I have several metal wine stoppers that use a metal bolt (1/4" or larger) to hold the turned wood handle. The stoppers are from more than one manufacturer, hence different size bolts. How do you determine the correct size hole to drill and the tap size to make the threads?


----------



## firehawkmph (Apr 26, 2008)

Art,
I normally do not tap the wood. I drill a hole just slightly smaller than the outer thread diameter. What you are after is a hole that would be the size of the inner thread diameter, if that makes sense. 
It also depends on the wood. If the wood is soft, you would want the hole a smidgen smaller. If the wood is really dense, you don't have much room for error. I thread the piece onto the adapter that you can buy from wherever you get the winestoppers from. After turning, I finish it, buff it, and then I add a drop of CA glue to the hole right before I thread the wood onto the bottle stopper. 
Mike Hawkins


----------



## artdunbar (Apr 19, 2007)

Thanks for the tip Mike. As usual, the simplist way is the best way.

How do you finish your stoppers?

ART


----------



## john lucas (Sep 18, 2007)

I just hold a drill bit up and select a size that is close to the size of the solid part of the threaded bolt. This should be slightly smaller than the bottom of the threads.
If you want to be really precise just google Tap thread drill sizes. You should be able to find a chart. The chart will probably give number, letter and inch sizes. Select the inch size closest to the number or letter size if you don't have a complete set of bits.


----------



## b00kemdano (Feb 10, 2009)

Same as above for drilling.

I've broken two mandrels for the metal bottle stoppers already, so I made my own. I got an appropriately sized bolt from HD, cut the head off and chucked it in my drill chuck. It seems that the mandrels aren't made from hardened steel.

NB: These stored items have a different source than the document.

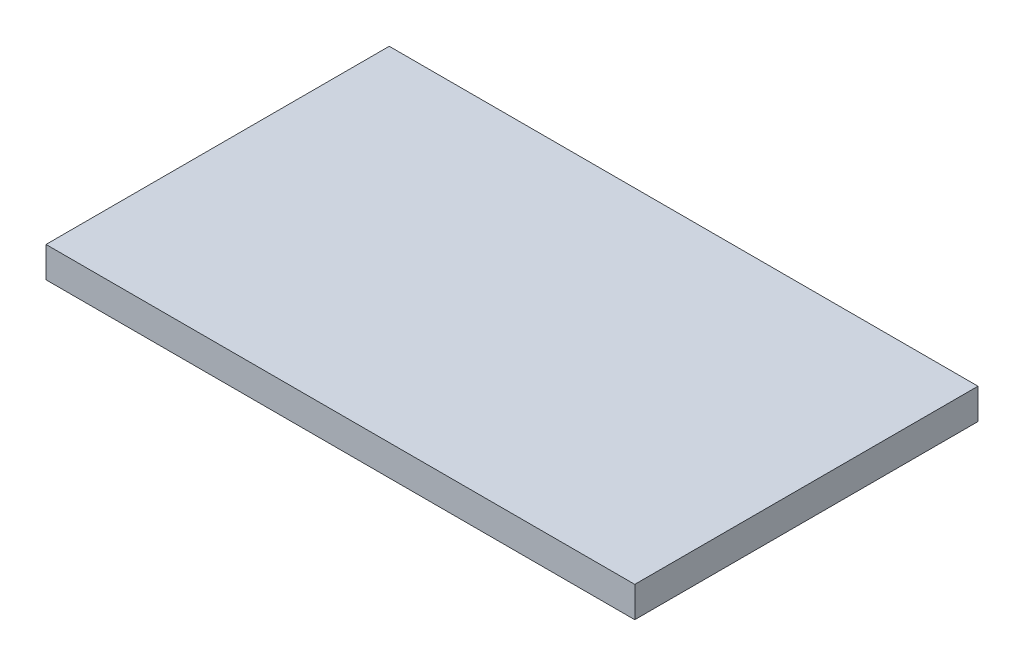
ISO-10303-21;
HEADER;
FILE_DESCRIPTION(('STEP AP214'),'2;1');
FILE_NAME('part.step','',(''),(''),'','','');
FILE_SCHEMA(('AUTOMOTIVE_DESIGN { 1 0 10303 214 1 1 1 1 }'));
ENDSEC;
DATA;
#1=APPLICATION_CONTEXT('core data for automotive mechanical design processes');
#2=APPLICATION_PROTOCOL_DEFINITION('international standard','automotive_design',2000,#1);
#3=PRODUCT_CONTEXT('',#1,'mechanical');
#4=PRODUCT('Part','Part','',(#3));
#5=PRODUCT_RELATED_PRODUCT_CATEGORY('part','',(#4));
#6=PRODUCT_DEFINITION_FORMATION('','',#4);
#7=PRODUCT_DEFINITION_CONTEXT('part definition',#1,'design');
#8=PRODUCT_DEFINITION('design','',#6,#7);
#9=PRODUCT_DEFINITION_SHAPE('','',#8);
#10=(LENGTH_UNIT() NAMED_UNIT(*) SI_UNIT(.MILLI.,.METRE.));
#11=(NAMED_UNIT(*) PLANE_ANGLE_UNIT() SI_UNIT($,.RADIAN.));
#12=(NAMED_UNIT(*) SI_UNIT($,.STERADIAN.) SOLID_ANGLE_UNIT());
#13=UNCERTAINTY_MEASURE_WITH_UNIT(LENGTH_MEASURE(1.E-05),#10,'distance_accuracy_value','');
#14=(GEOMETRIC_REPRESENTATION_CONTEXT(3) GLOBAL_UNCERTAINTY_ASSIGNED_CONTEXT((#13)) GLOBAL_UNIT_ASSIGNED_CONTEXT((#10,
#11,#12)) REPRESENTATION_CONTEXT('',''));
#15=CARTESIAN_POINT('',(0.,0.,0.));
#16=DIRECTION('',(0.,0.,1.));
#17=DIRECTION('',(1.,0.,0.));
#18=AXIS2_PLACEMENT_3D('',#15,#16,#17);
#19=CARTESIAN_POINT('',(0.,2.,0.));
#20=DIRECTION('',(1.,0.,0.));
#21=DIRECTION('',(0.,0.,-1.));
#22=AXIS2_PLACEMENT_3D('',#19,#20,#21);
#23=PLANE('',#22);
#24=DIRECTION('',(0.,0.,1.));
#25=VECTOR('',#24,1.);
#26=CARTESIAN_POINT('',(0.,0.,0.));
#27=LINE('',#26,#25);
#28=CARTESIAN_POINT('',(0.,0.,0.));
#29=VERTEX_POINT('',#28);
#30=CARTESIAN_POINT('',(0.,0.,22.41));
#31=VERTEX_POINT('',#30);
#32=EDGE_CURVE('E113',#29,#31,#27,.T.);
#33=ORIENTED_EDGE('',*,*,#32,.T.);
#34=DIRECTION('',(0.,-1.,0.));
#35=VECTOR('',#34,1.);
#36=CARTESIAN_POINT('',(0.,2.,22.41));
#37=LINE('',#36,#35);
#38=CARTESIAN_POINT('',(0.,2.,22.41));
#39=VERTEX_POINT('',#38);
#40=EDGE_CURVE('E11',#39,#31,#37,.T.);
#41=ORIENTED_EDGE('',*,*,#40,.F.);
#42=DIRECTION('',(0.,0.,1.));
#43=VECTOR('',#42,1.);
#44=CARTESIAN_POINT('',(0.,2.,0.));
#45=LINE('',#44,#43);
#46=CARTESIAN_POINT('',(0.,2.,0.));
#47=VERTEX_POINT('',#46);
#48=EDGE_CURVE('E97',#47,#39,#45,.T.);
#49=ORIENTED_EDGE('',*,*,#48,.F.);
#50=DIRECTION('',(0.,-1.,0.));
#51=VECTOR('',#50,1.);
#52=CARTESIAN_POINT('',(0.,2.,0.));
#53=LINE('',#52,#51);
#54=EDGE_CURVE('E109',#47,#29,#53,.T.);
#55=ORIENTED_EDGE('',*,*,#54,.T.);
#56=EDGE_LOOP('',(#33,#41,#49,#55));
#57=FACE_BOUND('',#56,.T.);
#58=ADVANCED_FACE('F45',(#57),#23,.F.);
#59=CARTESIAN_POINT('',(0.,2.,22.41));
#60=DIRECTION('',(0.,0.,-1.));
#61=DIRECTION('',(-1.,0.,0.));
#62=AXIS2_PLACEMENT_3D('',#59,#60,#61);
#63=PLANE('',#62);
#64=DIRECTION('',(1.,0.,0.));
#65=VECTOR('',#64,1.);
#66=CARTESIAN_POINT('',(0.,0.,22.41));
#67=LINE('',#66,#65);
#68=CARTESIAN_POINT('',(38.44,0.,22.41));
#69=VERTEX_POINT('',#68);
#70=EDGE_CURVE('E102',#31,#69,#67,.T.);
#71=ORIENTED_EDGE('',*,*,#70,.T.);
#72=DIRECTION('',(0.,-1.,0.));
#73=VECTOR('',#72,1.);
#74=CARTESIAN_POINT('',(38.44,2.,22.41));
#75=LINE('',#74,#73);
#76=CARTESIAN_POINT('',(38.44,2.,22.41));
#77=VERTEX_POINT('',#76);
#78=EDGE_CURVE('E54',#77,#69,#75,.T.);
#79=ORIENTED_EDGE('',*,*,#78,.F.);
#80=DIRECTION('',(1.,0.,0.));
#81=VECTOR('',#80,1.);
#82=CARTESIAN_POINT('',(0.,2.,22.41));
#83=LINE('',#82,#81);
#84=EDGE_CURVE('E92',#39,#77,#83,.T.);
#85=ORIENTED_EDGE('',*,*,#84,.F.);
#86=ORIENTED_EDGE('',*,*,#40,.T.);
#87=EDGE_LOOP('',(#71,#79,#85,#86));
#88=FACE_BOUND('',#87,.T.);
#89=ADVANCED_FACE('F101',(#88),#63,.F.);
#90=CARTESIAN_POINT('',(38.44,2.,0.));
#91=DIRECTION('',(-1.,0.,0.));
#92=DIRECTION('',(0.,0.,1.));
#93=AXIS2_PLACEMENT_3D('',#90,#91,#92);
#94=PLANE('',#93);
#95=DIRECTION('',(0.,0.,-1.));
#96=VECTOR('',#95,1.);
#97=CARTESIAN_POINT('',(38.44,0.,0.));
#98=LINE('',#97,#96);
#99=CARTESIAN_POINT('',(38.44,0.,0.));
#100=VERTEX_POINT('',#99);
#101=EDGE_CURVE('E79',#69,#100,#98,.T.);
#102=ORIENTED_EDGE('',*,*,#101,.T.);
#103=DIRECTION('',(0.,-1.,0.));
#104=VECTOR('',#103,1.);
#105=CARTESIAN_POINT('',(38.44,2.,0.));
#106=LINE('',#105,#104);
#107=CARTESIAN_POINT('',(38.44,2.,0.));
#108=VERTEX_POINT('',#107);
#109=EDGE_CURVE('E104',#108,#100,#106,.T.);
#110=ORIENTED_EDGE('',*,*,#109,.F.);
#111=DIRECTION('',(0.,0.,-1.));
#112=VECTOR('',#111,1.);
#113=CARTESIAN_POINT('',(38.44,2.,0.));
#114=LINE('',#113,#112);
#115=EDGE_CURVE('E95',#77,#108,#114,.T.);
#116=ORIENTED_EDGE('',*,*,#115,.F.);
#117=ORIENTED_EDGE('',*,*,#78,.T.);
#118=EDGE_LOOP('',(#102,#110,#116,#117));
#119=FACE_BOUND('',#118,.T.);
#120=ADVANCED_FACE('F105',(#119),#94,.F.);
#121=CARTESIAN_POINT('',(0.,2.,0.));
#122=DIRECTION('',(0.,0.,1.));
#123=DIRECTION('',(1.,0.,0.));
#124=AXIS2_PLACEMENT_3D('',#121,#122,#123);
#125=PLANE('',#124);
#126=DIRECTION('',(-1.,0.,0.));
#127=VECTOR('',#126,1.);
#128=CARTESIAN_POINT('',(0.,0.,0.));
#129=LINE('',#128,#127);
#130=EDGE_CURVE('E85',#100,#29,#129,.T.);
#131=ORIENTED_EDGE('',*,*,#130,.T.);
#132=ORIENTED_EDGE('',*,*,#54,.F.);
#133=DIRECTION('',(-1.,0.,0.));
#134=VECTOR('',#133,1.);
#135=CARTESIAN_POINT('',(0.,2.,0.));
#136=LINE('',#135,#134);
#137=EDGE_CURVE('E62',#108,#47,#136,.T.);
#138=ORIENTED_EDGE('',*,*,#137,.F.);
#139=ORIENTED_EDGE('',*,*,#109,.T.);
#140=EDGE_LOOP('',(#131,#132,#138,#139));
#141=FACE_BOUND('',#140,.T.);
#142=ADVANCED_FACE('F126',(#141),#125,.F.);
#143=CARTESIAN_POINT('',(0.,2.,0.));
#144=DIRECTION('',(0.,1.,0.));
#145=DIRECTION('',(0.,0.,1.));
#146=AXIS2_PLACEMENT_3D('',#143,#144,#145);
#147=PLANE('',#146);
#148=ORIENTED_EDGE('',*,*,#48,.T.);
#149=ORIENTED_EDGE('',*,*,#84,.T.);
#150=ORIENTED_EDGE('',*,*,#115,.T.);
#151=ORIENTED_EDGE('',*,*,#137,.T.);
#152=EDGE_LOOP('',(#148,#149,#150,#151));
#153=FACE_BOUND('',#152,.T.);
#154=ADVANCED_FACE('F93',(#153),#147,.T.);
#155=CARTESIAN_POINT('',(0.,0.,0.));
#156=DIRECTION('',(0.,1.,0.));
#157=DIRECTION('',(0.,0.,1.));
#158=AXIS2_PLACEMENT_3D('',#155,#156,#157);
#159=PLANE('',#158);
#160=ORIENTED_EDGE('',*,*,#32,.F.);
#161=ORIENTED_EDGE('',*,*,#130,.F.);
#162=ORIENTED_EDGE('',*,*,#101,.F.);
#163=ORIENTED_EDGE('',*,*,#70,.F.);
#164=EDGE_LOOP('',(#160,#161,#162,#163));
#165=FACE_BOUND('',#164,.T.);
#166=ADVANCED_FACE('F129',(#165),#159,.F.);
#167=CLOSED_SHELL('',(#58,#89,#120,#142,#154,#166));
#168=MANIFOLD_SOLID_BREP('B2',#167);
#169=ADVANCED_BREP_SHAPE_REPRESENTATION('',(#18,#168),#14);
#170=SHAPE_DEFINITION_REPRESENTATION(#9,#169);
ENDSEC;
END-ISO-10303-21;

When making stoppers from soft woods, I'll somtimes go ahead and drill it, then turn it with a drive center instead of the threaded mandrel. If you get a catch on a soft piece, it'll spin that mandrel inside the hole and ruin your threads. VERY disappointing when you're almost done with a stopper! Once you've turned the shape of it, you can thread it onto the mandrel to touch up the bottom and finish it. 

I've also done some hole repair by CA gluing some kraft paper (or brown paper bag pieces) in the hole to repair / reinforce the threads. I also CA the threaded rod into the wood when assembling this type of stopper.

My bottle stopper finish is: sand to 600, micromesh to 12000, blow off with air, two coats of lacquer, two coats of friction polish.


----------



## firehawkmph (Apr 26, 2008)

I use a similar finish. 3-4 coats of lacquer while it is still on the lathe. Then I buff it on a beale, three wheel setup on a jet buffer.
Mike Hawkins


----------